Bull.  Ff may be slower than Chrome

I agree.
but Chrome is seriously flawed when
it comes to javascript.  Besides, the OP's lament is atypical and
probably relates to something specific to his dilemma.  And just how
*should* ff (or any browser) handle errors in code or markup as well?


I do agree that Mozilla should address the nagging, long-persistent
parsing problems that still infest the browser and strive to make it
load more quickly than it presently does rather than trying to
incorporate new doodads which will ultimately only add to the problem.
Nevertheless, ff is the best browser out there and has been for a long
time.

FF is not near the best browser out there. It is bare bone, and it
stinks.
 
J

Jorge

(...)
FF is not near the best browser out there. It is bare bone, and it
stinks.

FF is an excellent browser. Safari, Chrome & Opera too. The one that
stinks is IE... :)
 
R

Roy A.

Minimum, limited, minimalist ?

Firefox is great if you need any of the many extensions. Some of these
extensions, like NoScript, make the browser go bananas. When I tested
NoScript the browser started to crash. I could not uninstall it or
reinstall Firefox. I had to uninstall Firefox, delete all folders, and
then install it again.

IMO, Firefox without extensions should be as fast as any browser.
 
D

dorayme

"Roy A. said:
IMO, Firefox without extensions should be as fast as any browser.

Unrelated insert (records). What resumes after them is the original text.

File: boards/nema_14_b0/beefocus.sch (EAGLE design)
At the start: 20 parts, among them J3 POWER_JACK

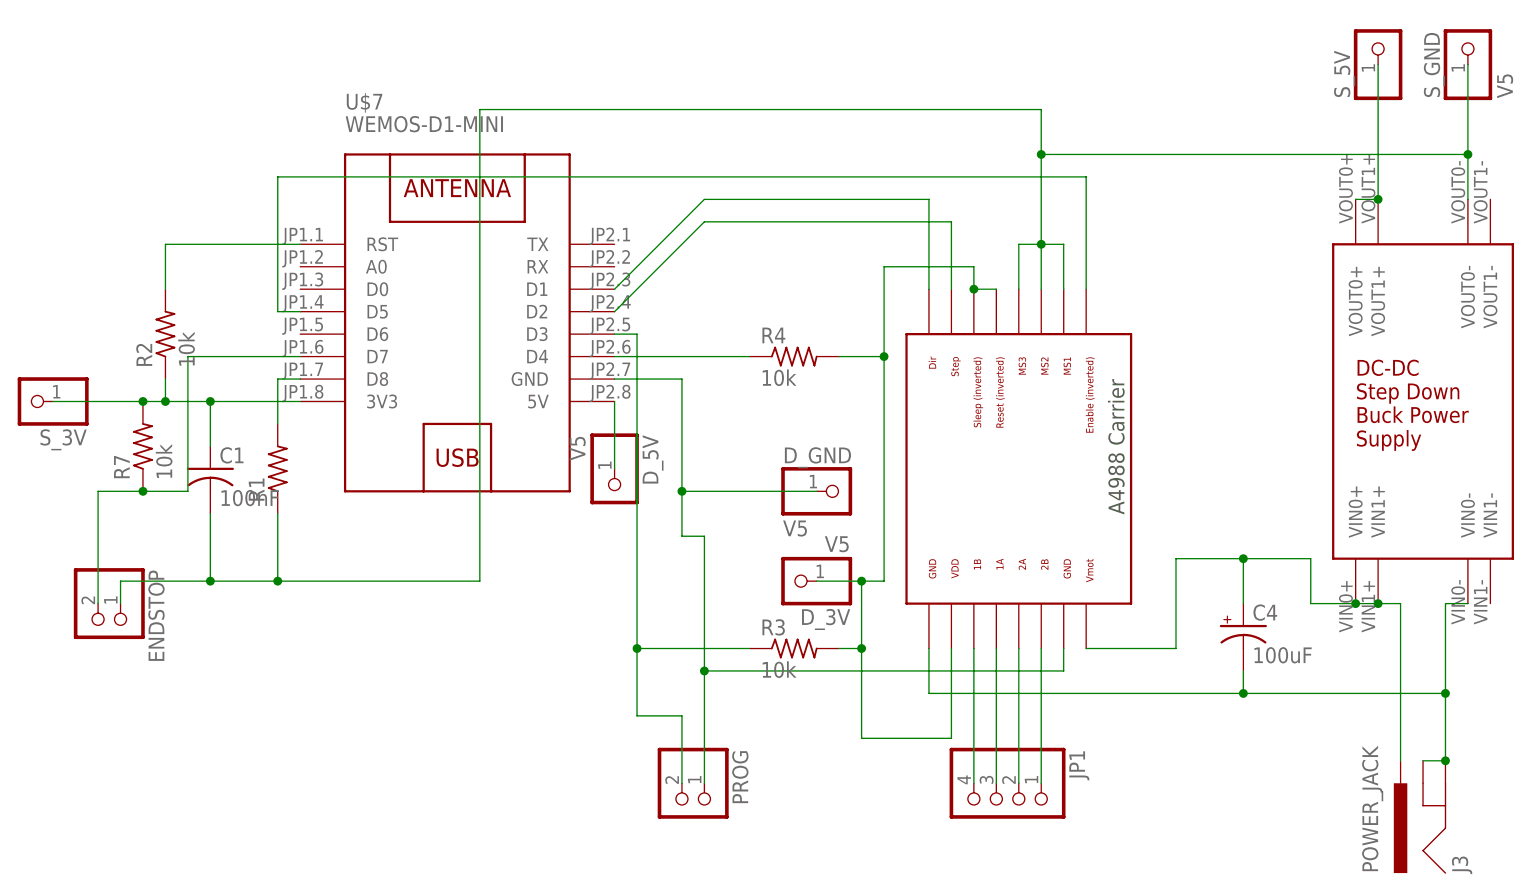
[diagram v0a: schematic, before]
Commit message: Update board to fix lost trace to ground :(
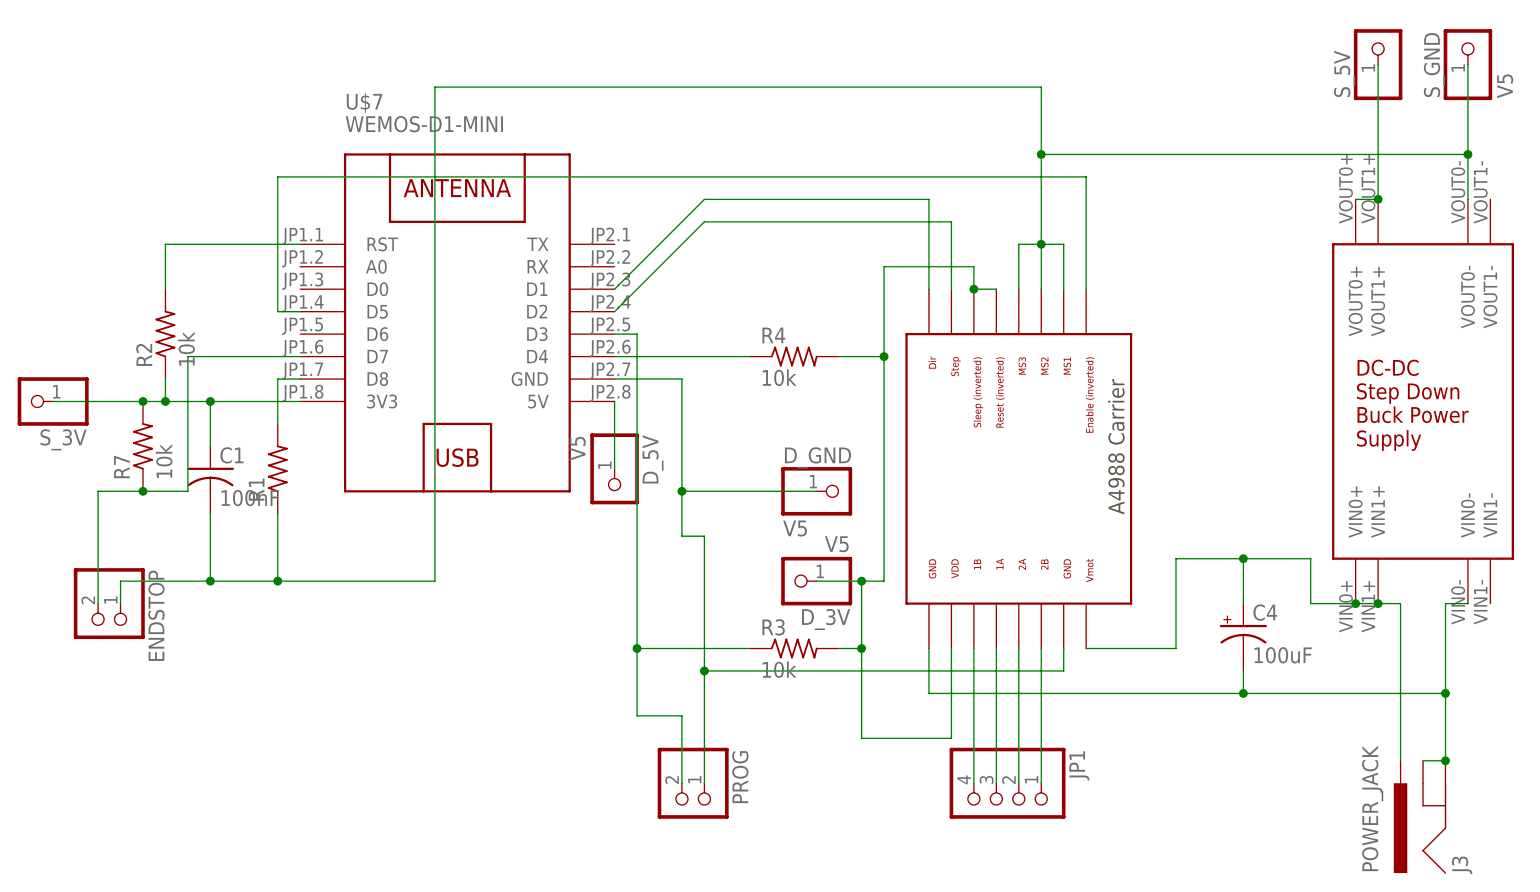
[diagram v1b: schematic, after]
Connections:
- removed net N$13: C1.2, ENDSTOP.1, R1.1
- net N$18: now also C1.2, ENDSTOP.1, R1.1
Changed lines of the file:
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@@
-</segment>
-</net>
-<net name="N$13" class="0">
-<segment>
-<pinref part="R1" gate="G$1" pin="1"/>
-<wire x1="-83.82" y1="20.32" x2="-76.2" y2="20.32" width="0.1524" layer="91"/>
-<wire x1="-76.2" y1="20.32" x2="-76.2" y2="27.94" width="0.1524" layer="91"/>
-<pinref part="ENDSTOP" gate="G$1" pin="1"/>
-<wire x1="-93.98" y1="17.78" x2="-93.98" y2="20.32" width="0.1524" layer="91"/>
-<wire x1="-93.98" y1="20.32" x2="-83.82" y2="20.32" width="0.1524" layer="91"/>
-<pinref part="C1" gate="G$1" pin="2"/>
-<wire x1="-83.82" y1="27.94" x2="-83.82" y2="20.32" width="0.1524" layer="91"/>
-<junction x="-83.82" y="20.32"/>
-<wire x1="-76.2" y1="20.32" x2="-53.34" y2="20.32" width="0.1524" layer="91"/>
-<junction x="-76.2" y="20.32"/>
-<wire x1="-53.34" y1="20.32" x2="-53.34" y2="68.58" width="0.1524" layer="91"/>
 </segment>
 </net>
@@
 <wire x1="7.62" y1="58.42" x2="10.16" y2="58.42" width="0.1524" layer="91"/>
 <wire x1="7.62" y1="58.42" x2="7.62" y2="53.34" width="0.1524" layer="91"/>
-<wire x1="10.16" y1="68.58" x2="10.16" y2="73.66" width="0.1524" layer="91"/>
+<wire x1="10.16" y1="68.58" x2="10.16" y2="76.2" width="0.1524" layer="91"/>
 <junction x="10.16" y="68.58"/>
-<wire x1="10.16" y1="73.66" x2="-53.34" y2="73.66" width="0.1524" layer="91"/>
-<wire x1="-53.34" y1="73.66" x2="-53.34" y2="68.58" width="0.1524" layer="91"/>
+<wire x1="10.16" y1="76.2" x2="-58.42" y2="76.2" width="0.1524" layer="91"/>
+<wire x1="-58.42" y1="76.2" x2="-58.42" y2="20.32" width="0.1524" layer="91"/>
+<pinref part="R1" gate="G$1" pin="1"/>
+<pinref part="ENDSTOP" gate="G$1" pin="1"/>
+<wire x1="-93.98" y1="17.78" x2="-93.98" y2="20.32" width="0.1524" layer="91"/>
+<wire x1="-93.98" y1="20.32" x2="-83.82" y2="20.32" width="0.1524" layer="91"/>
+<pinref part="C1" gate="G$1" pin="2"/>
+<wire x1="-83.82" y1="27.94" x2="-83.82" y2="20.32" width="0.1524" layer="91"/>
+<junction x="-83.82" y="20.32"/>
+<wire x1="-83.82" y1="20.32" x2="-76.2" y2="20.32" width="0.1524" layer="91"/>
+<wire x1="-76.2" y1="20.32" x2="-76.2" y2="27.94" width="0.1524" layer="91"/>
+<wire x1="-58.42" y1="20.32" x2="-76.2" y2="20.32" width="0.1524" layer="91"/>
+<junction x="-76.2" y="20.32"/>
 </segment>
 </net>

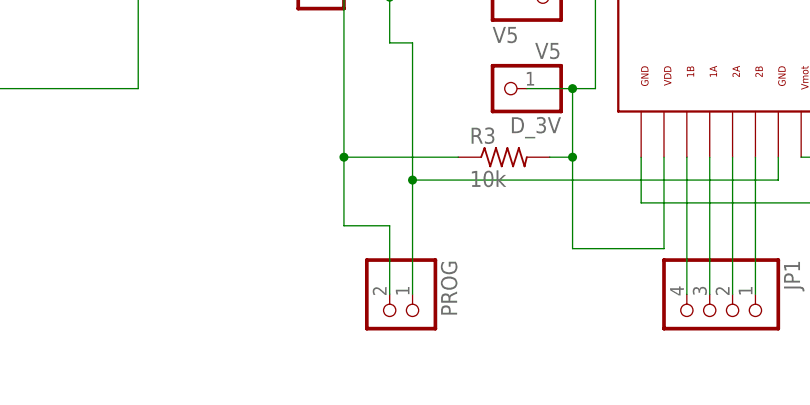
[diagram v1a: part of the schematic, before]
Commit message: Update board to take a push button switch.  This will be used to do a hard reset in the future
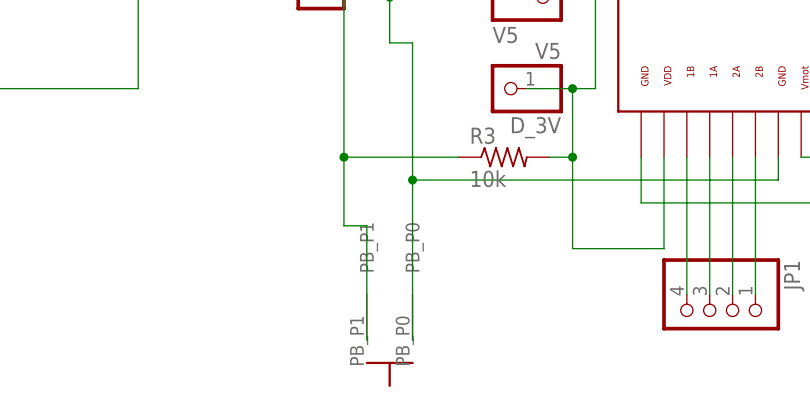
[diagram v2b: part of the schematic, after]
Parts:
- removed PROG: (no value), pinhead:PINHD-1X2/90
- added U$8: BUTTON6X6X10MMSIDE, glowmouse_custom:BUTTON6X6X10MMSIDE
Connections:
- net N$10: now also U$8.PB_P1; no longer PROG.2
- net N$16: now also U$8.PB_P0; no longer PROG.1
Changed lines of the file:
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@@
 <part name="U$1" library="RepRapjr" deviceset="POLOLU_A4983CARRIER" device=""/>
 <part name="JP1" library="pinhead" library_urn="urn:adsk.eagle:library:325" deviceset="PINHD-1X4" device="/90" package3d_urn="urn:adsk.eagle:package:22404/2"/>
-<part name="PROG" library="pinhead" library_urn="urn:adsk.eagle:library:325" deviceset="PINHD-1X2" device="/90" package3d_urn="urn:adsk.eagle:package:22437/2"/>
 <part name="ENDSTOP" library="pinhead" library_urn="urn:adsk.eagle:library:325" deviceset="PINHD-1X2" device="/90" package3d_urn="urn:adsk.eagle:package:22437/2"/>
 <part name="C4" library="resistor" library_urn="urn:adsk.eagle:library:348" deviceset="CPOL-US" device="E3.5-8" package3d_urn="urn:adsk.eagle:package:25842/1" value="100uF"/>
@@
 <part name="U$6" library="glowmouse_custom" deviceset="DCPOWERCONV" device=""/>
 <part name="U$7" library="diy-modules" deviceset="WEMOS-D1-MINI" device=""/>
+<part name="U$8" library="glowmouse_custom" deviceset="BUTTON6X6X10MMSIDE" device=""/>
 </parts>
 <sheets>
@@
 <instance part="U$1" gate="G$1" x="12.7" y="27.94" rot="R270"/>
 <instance part="JP1" gate="A" x="5.08" y="-5.08" rot="R270"/>
-<instance part="PROG" gate="G$1" x="-30.48" y="-5.08" rot="R270"/>
 <instance part="ENDSTOP" gate="G$1" x="-96.52" y="15.24" rot="R270"/>
 <instance part="C4" gate="G$1" x="33.02" y="15.24"/>
@@
 <instance part="U$6" gate="G$1" x="53.34" y="43.18"/>
 <instance part="U$7" gate="G$1" x="-55.88" y="48.26"/>
+<instance part="U$8" gate="G$1" x="-30.48" y="-7.62" rot="R180"/>
 </instances>
 <busses>
@@
 <wire x1="-35.56" y1="5.08" x2="-35.56" y2="12.7" width="0.1524" layer="91"/>
 <wire x1="-35.56" y1="12.7" x2="-35.56" y2="48.26" width="0.1524" layer="91"/>
-<wire x1="-35.56" y1="5.08" x2="-30.48" y2="5.08" width="0.1524" layer="91"/>
-<pinref part="PROG" gate="G$1" pin="2"/>
-<wire x1="-30.48" y1="5.08" x2="-30.48" y2="-2.54" width="0.1524" layer="91"/>
 <pinref part="R3" gate="G$1" pin="1"/>
 <wire x1="-22.86" y1="12.7" x2="-35.56" y2="12.7" width="0.1524" layer="91"/>
 <junction x="-35.56" y="12.7"/>
 <pinref part="U$7" gate="G$1" pin="D3"/>
+<wire x1="-35.56" y1="5.08" x2="-33.02" y2="5.08" width="0.1524" layer="91"/>
+<pinref part="U$8" gate="G$1" pin="PB_P1"/>
+<wire x1="-33.02" y1="5.08" x2="-33.02" y2="-7.62" width="0.1524" layer="91"/>
 </segment>
 </net>
@@
 <segment>
 <wire x1="-30.48" y1="43.18" x2="-38.1" y2="43.18" width="0.1524" layer="91"/>
-<pinref part="PROG" gate="G$1" pin="1"/>
-<wire x1="-27.94" y1="10.16" x2="-27.94" y2="-2.54" width="0.1524" layer="91"/>
 <pinref part="U$1" gate="G$1" pin="GND@0"/>
 <wire x1="12.7" y1="12.7" x2="12.7" y2="10.16" width="0.1524" layer="91"/>
 <wire x1="12.7" y1="10.16" x2="-27.94" y2="10.16" width="0.1524" layer="91"/>
-<junction x="-27.94" y="10.16"/>
 <wire x1="-27.94" y1="25.4" x2="-27.94" y2="10.16" width="0.1524" layer="91"/>
 <wire x1="-30.48" y1="25.4" x2="-27.94" y2="25.4" width="0.1524" layer="91"/>
@@
 <junction x="-30.48" y="30.48"/>
 <pinref part="U$7" gate="G$1" pin="GND"/>
-</segment>
-</net>
+<pinref part="U$8" gate="G$1" pin="PB_P0"/>
+<wire x1="-27.94" y1="10.16" x2="-27.94" y2="-7.62" width="0.1524" layer="91"/>
+<junction x="-27.94" y="10.16"/>
+</segment>
+</net>

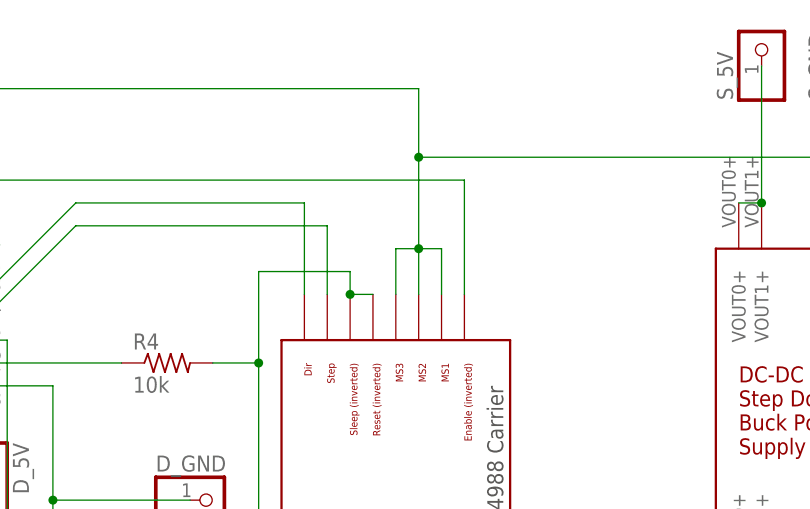
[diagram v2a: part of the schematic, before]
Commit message: Change microstepping to 1/16th on board.
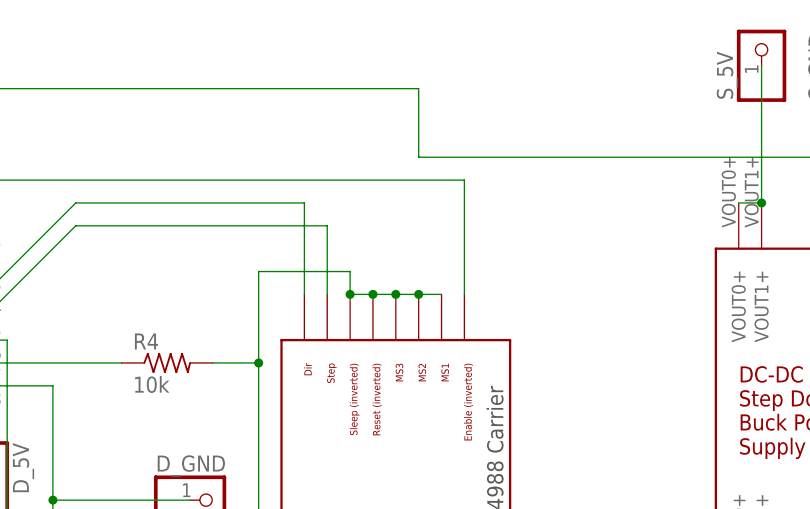
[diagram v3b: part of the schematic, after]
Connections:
- net N$17: now also U$1.MS1, U$1.MS2, U$1.MS3
- net N$18: no longer U$1.MS1, U$1.MS2, U$1.MS3
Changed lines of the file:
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@@
 <wire x1="2.54" y1="55.88" x2="2.54" y2="53.34" width="0.1524" layer="91"/>
 <junction x="2.54" y="53.34"/>
+<pinref part="U$1" gate="G$1" pin="MS3"/>
+<wire x1="5.08" y1="53.34" x2="7.62" y2="53.34" width="0.1524" layer="91"/>
+<junction x="5.08" y="53.34"/>
+<pinref part="U$1" gate="G$1" pin="MS2"/>
+<wire x1="7.62" y1="53.34" x2="10.16" y2="53.34" width="0.1524" layer="91"/>
+<junction x="7.62" y="53.34"/>
+<pinref part="U$1" gate="G$1" pin="MS1"/>
+<wire x1="10.16" y1="53.34" x2="12.7" y2="53.34" width="0.1524" layer="91"/>
+<junction x="10.16" y="53.34"/>
 </segment>
 </net>
@@
 <net name="N$18" class="0">
 <segment>
-<pinref part="U$1" gate="G$1" pin="MS3"/>
 <pinref part="U$6" gate="G$1" pin="VOUT0-"/>
 <wire x1="58.42" y1="68.58" x2="58.42" y2="63.5" width="0.1524" layer="91"/>
@@
 <junction x="58.42" y="68.58"/>
 <wire x1="10.16" y1="68.58" x2="58.42" y2="68.58" width="0.1524" layer="91"/>
-<pinref part="U$1" gate="G$1" pin="MS1"/>
-<wire x1="12.7" y1="58.42" x2="12.7" y2="53.34" width="0.1524" layer="91"/>
-<pinref part="U$1" gate="G$1" pin="MS2"/>
-<wire x1="10.16" y1="58.42" x2="10.16" y2="53.34" width="0.1524" layer="91"/>
-<wire x1="10.16" y1="58.42" x2="12.7" y2="58.42" width="0.1524" layer="91"/>
-<junction x="10.16" y="58.42"/>
-<wire x1="10.16" y1="58.42" x2="10.16" y2="68.58" width="0.1524" layer="91"/>
-<wire x1="7.62" y1="58.42" x2="10.16" y2="58.42" width="0.1524" layer="91"/>
-<wire x1="7.62" y1="58.42" x2="7.62" y2="53.34" width="0.1524" layer="91"/>
 <wire x1="10.16" y1="68.58" x2="10.16" y2="76.2" width="0.1524" layer="91"/>
-<junction x="10.16" y="68.58"/>
 <wire x1="10.16" y1="76.2" x2="-58.42" y2="76.2" width="0.1524" layer="91"/>
 <wire x1="-58.42" y1="76.2" x2="-58.42" y2="20.32" width="0.1524" layer="91"/>

Do you think all cars should be equally fast? You some sort of universal
conceptual communist or something? <g>
 
R

Roy A.

Do you think all cars should be equally fast?

A browser that has noting else to brag about should be fast.
You some sort of universal
conceptual communist or something? <g>

Conceptual communist? Is your world that black and white?

Anyone that have used Firefox can see that it don't live up to its
expectations.

When you install it, it has nothing to offer, when you install ad-ons
it seems ok.
 
D

dorayme

"Roy A. said:
A browser that has nothing else to brag about should be fast.

But it has things to brag about. It was regarded by many of us as a
great contrast to IE in keeping much more to the standards that are
admired by the web developing world. It does not seem to me to be
importantly slower than other browsers in surfing but I agree it is a
real slow coach starting up, it maybe thinks it is the engines in the
Titanic, maybe I don't know any more because I have it *for* its
extensions and not that much else.

Conceptual communist? Is your world that black and white?

I am afraid so, Roy, am big of B&W pics, both still and movie.
Anyone that have used Firefox can see that it don't live up to its
expectations.

So! You think it has a mind of its own! said:
When you install it, it has nothing to offer,

Perhaps nowadays, it is not as competitive. But was once.
 
J

Julian Turner

Adding 2000 elements to the page outside an event handler takes a handful of
milliseconds. Doing the same from within an event handler takes over 6
seconds. Doesn't happen in Chrome, Opera, Safari or even IE.

Does anyone else see this with Firefox 3.5.5 or is it just something weird
happening on my computer?  I thought it might be some flaky addon, so tried
it with a fresh Firefox profile, same result.

Demo:http://nrkn.com/temp/ffwtf/

FF 3.5.3
Outside : 156MS
Inside : 16 seconds (with a long period of "Not Responding").

There is another similar bug with Firefox 3.5.3 and Textareas. If you
set the value of a textarea to more than about 500 lines, you get a
similar sort of very long delay. This is an already reported bug.